▶ **Activity**
Search the records that follow and extract every line containing the string "computer".

▶ **Stored data**
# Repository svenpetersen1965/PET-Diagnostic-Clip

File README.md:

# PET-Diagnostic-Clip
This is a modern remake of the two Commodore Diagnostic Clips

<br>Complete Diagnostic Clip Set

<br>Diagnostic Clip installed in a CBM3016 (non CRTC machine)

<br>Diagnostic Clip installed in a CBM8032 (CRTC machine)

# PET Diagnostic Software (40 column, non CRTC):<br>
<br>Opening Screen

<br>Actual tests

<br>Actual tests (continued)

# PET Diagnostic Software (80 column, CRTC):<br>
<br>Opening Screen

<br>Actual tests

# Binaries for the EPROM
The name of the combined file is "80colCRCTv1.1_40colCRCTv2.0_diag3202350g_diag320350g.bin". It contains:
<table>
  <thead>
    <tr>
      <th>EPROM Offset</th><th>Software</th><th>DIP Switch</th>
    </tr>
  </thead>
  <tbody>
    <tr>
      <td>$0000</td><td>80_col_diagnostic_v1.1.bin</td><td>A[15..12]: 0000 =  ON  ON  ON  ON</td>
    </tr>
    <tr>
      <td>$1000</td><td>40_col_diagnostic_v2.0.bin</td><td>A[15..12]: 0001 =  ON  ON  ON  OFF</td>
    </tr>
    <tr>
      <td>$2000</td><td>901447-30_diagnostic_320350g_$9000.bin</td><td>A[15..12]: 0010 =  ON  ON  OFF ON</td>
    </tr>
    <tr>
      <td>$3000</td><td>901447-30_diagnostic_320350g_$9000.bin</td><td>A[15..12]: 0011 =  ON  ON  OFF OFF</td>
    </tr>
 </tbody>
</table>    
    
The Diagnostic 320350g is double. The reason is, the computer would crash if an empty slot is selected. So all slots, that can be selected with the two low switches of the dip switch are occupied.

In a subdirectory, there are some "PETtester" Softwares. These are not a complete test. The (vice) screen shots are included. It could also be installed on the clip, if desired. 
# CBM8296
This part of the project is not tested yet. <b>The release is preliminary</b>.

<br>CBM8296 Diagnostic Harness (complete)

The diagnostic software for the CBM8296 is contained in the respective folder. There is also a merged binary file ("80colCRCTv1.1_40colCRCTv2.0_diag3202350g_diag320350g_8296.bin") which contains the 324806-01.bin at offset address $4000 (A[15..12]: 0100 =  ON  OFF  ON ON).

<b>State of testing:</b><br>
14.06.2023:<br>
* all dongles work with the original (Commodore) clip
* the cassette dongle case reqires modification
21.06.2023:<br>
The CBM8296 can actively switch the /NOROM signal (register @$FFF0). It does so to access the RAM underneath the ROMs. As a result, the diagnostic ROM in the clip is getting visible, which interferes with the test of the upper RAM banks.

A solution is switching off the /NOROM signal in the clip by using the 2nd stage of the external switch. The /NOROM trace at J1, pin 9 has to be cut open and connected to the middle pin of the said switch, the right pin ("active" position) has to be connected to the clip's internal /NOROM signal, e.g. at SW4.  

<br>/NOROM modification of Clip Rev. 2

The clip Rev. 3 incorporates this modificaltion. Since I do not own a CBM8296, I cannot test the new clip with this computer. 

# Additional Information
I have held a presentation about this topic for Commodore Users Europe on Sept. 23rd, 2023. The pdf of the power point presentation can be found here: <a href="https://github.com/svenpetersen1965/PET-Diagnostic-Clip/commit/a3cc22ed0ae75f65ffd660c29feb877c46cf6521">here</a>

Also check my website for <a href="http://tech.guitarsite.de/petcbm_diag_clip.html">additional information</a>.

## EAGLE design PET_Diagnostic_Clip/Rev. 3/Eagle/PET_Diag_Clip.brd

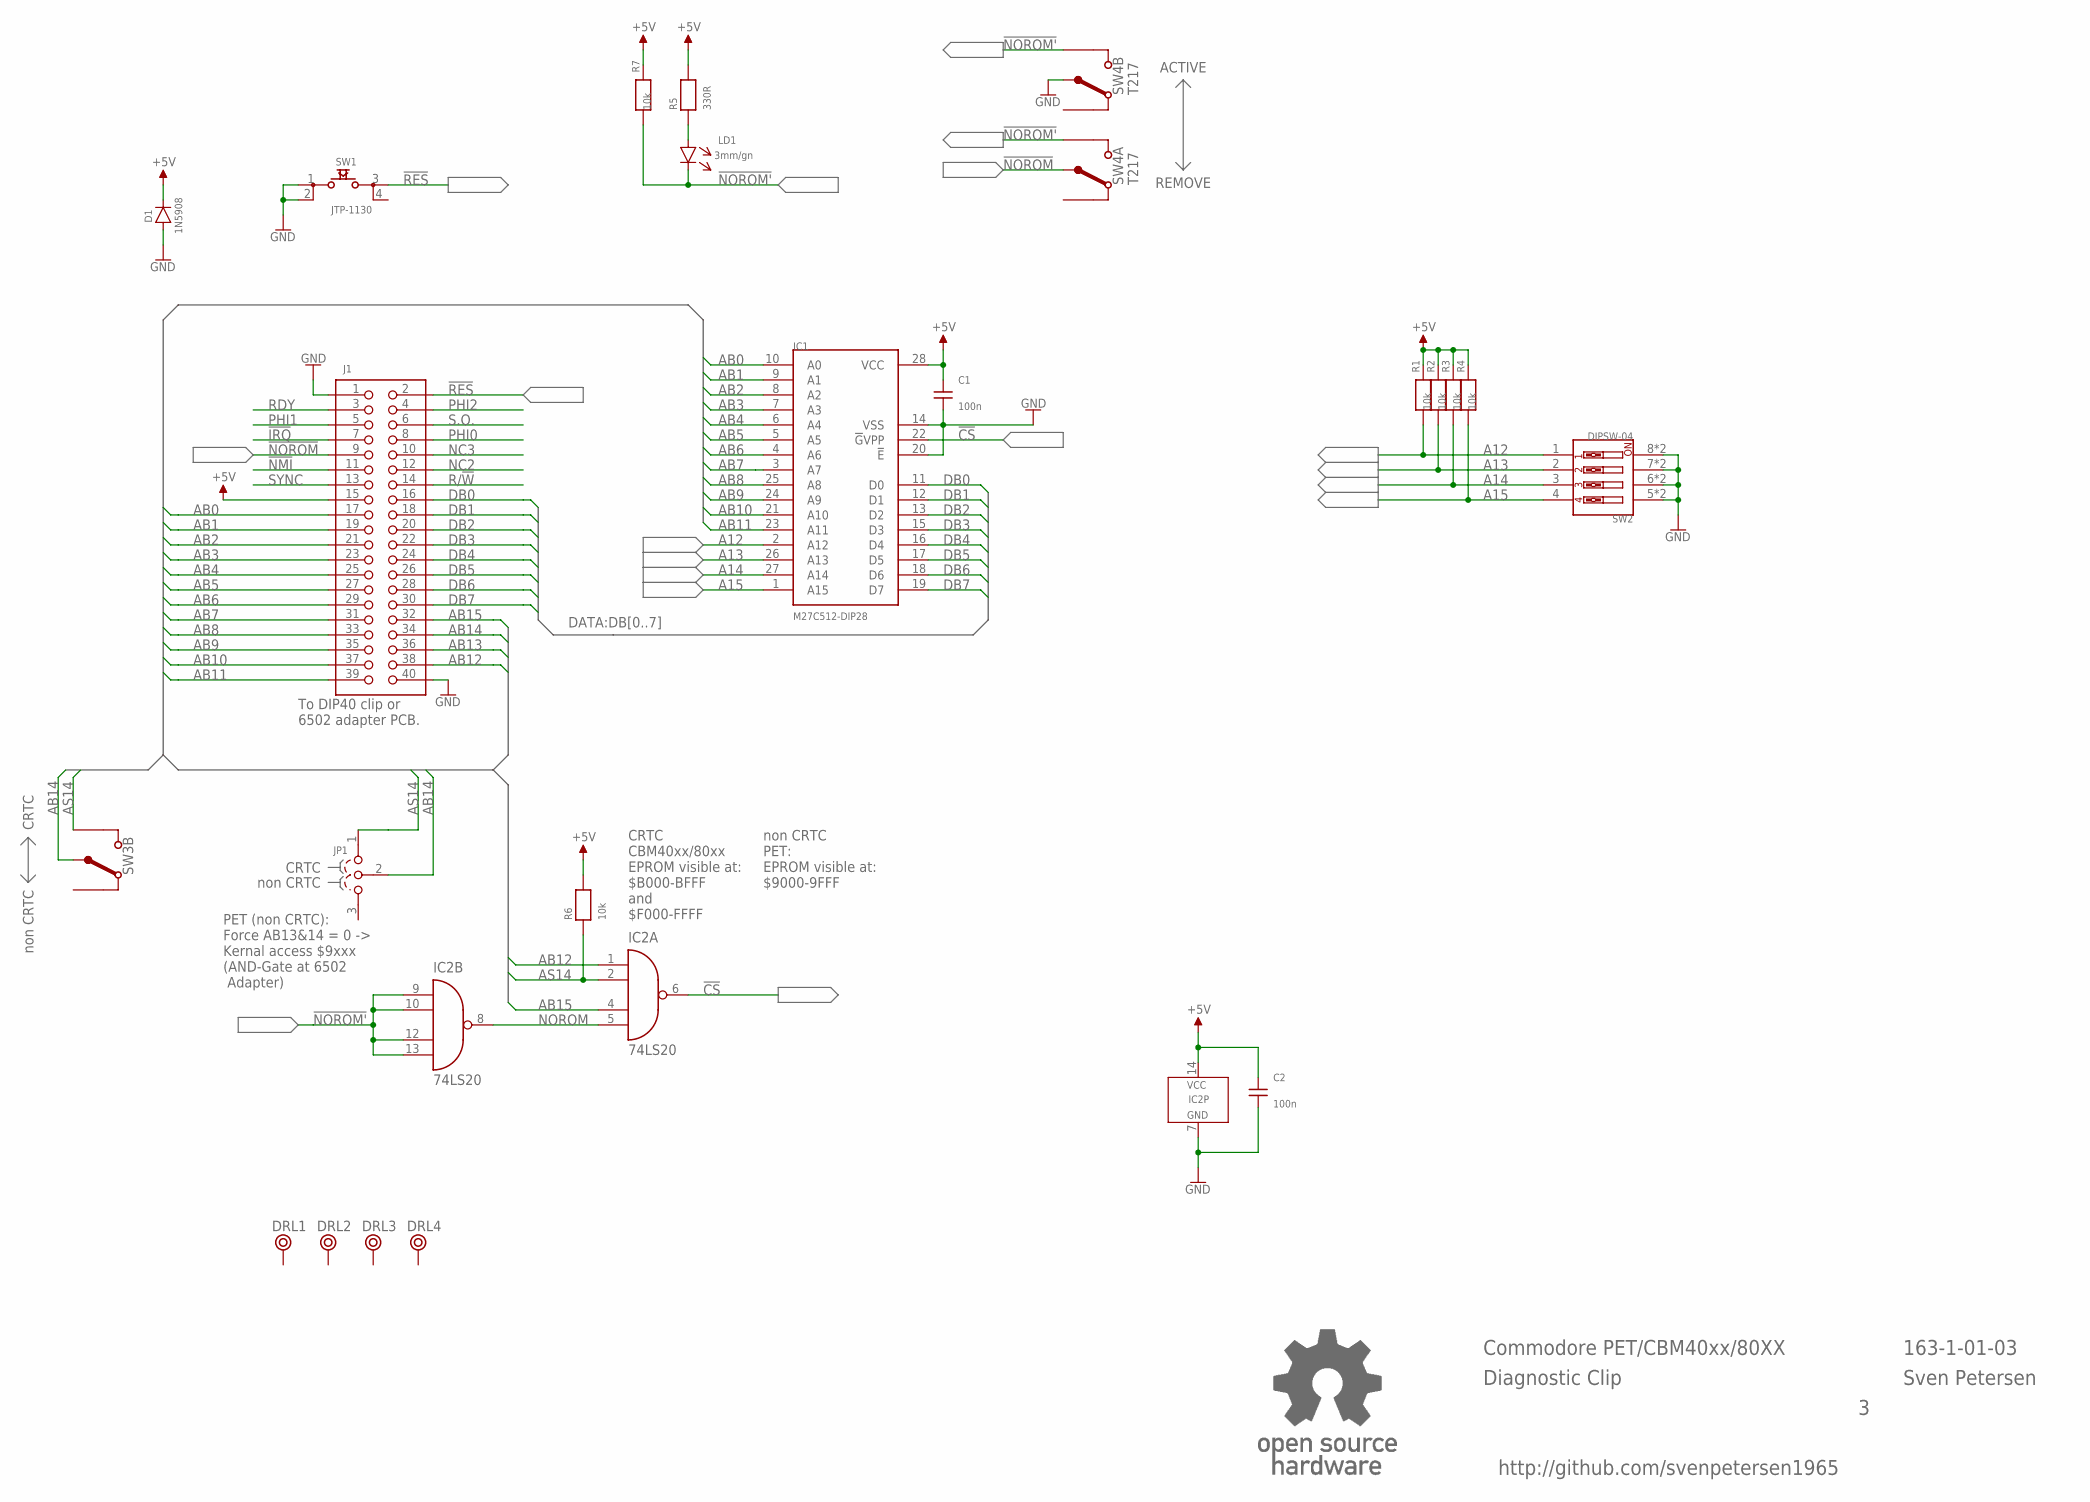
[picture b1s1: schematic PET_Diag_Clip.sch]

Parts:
C1, C2: 100n; C-2,5
D1: 1N5908; DO-201
DRL1, DRL2, DRL3, DRL4: BOHR3,5
IC1: M27C512-DIP28; DIL28-6
IC2: 74LS20; DIL-14
J1: PINHD-2X20WV; 2X20WV
JP1: COMBI-3P
LD1: 3mm/gn; 3MM
R1, R2, R3, R4, R6, R7: 10k; R-10
R5: 330R; R-10
SW1: JTP-1130
SW2: DIPSW-04; DIPSW-04V-COMBI
SW3: MSS22D18; DPDT_9MM
SW4: T217; T217_SIDE
U$13: OPEN_SOURCE_HW; OPENHW

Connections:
!CS: IC1.22 (!G!VPP), IC2.6 (O)
!IRQ: J1.7
!NMI: J1.11
!NOROM: J1.9, SW4.COM1 (COM)
!NOROM': IC2.9 (I0), IC2.10 (I1), IC2.12 (I2), IC2.13 (I3), LD1.C (K), R7.2, SW4.UP1 (UP), SW4.UP2 (UP)
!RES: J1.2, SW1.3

▶ **Problem solution**
The Diagnostic 320350g is double. The reason is, the computer would crash if an empty slot is selected. So all slots, that can be selected with the two low switches of the dip switch are occupied.
The clip Rev. 3 incorporates this modificaltion. Since I do not own a CBM8296, I cannot test the new clip with this computer. 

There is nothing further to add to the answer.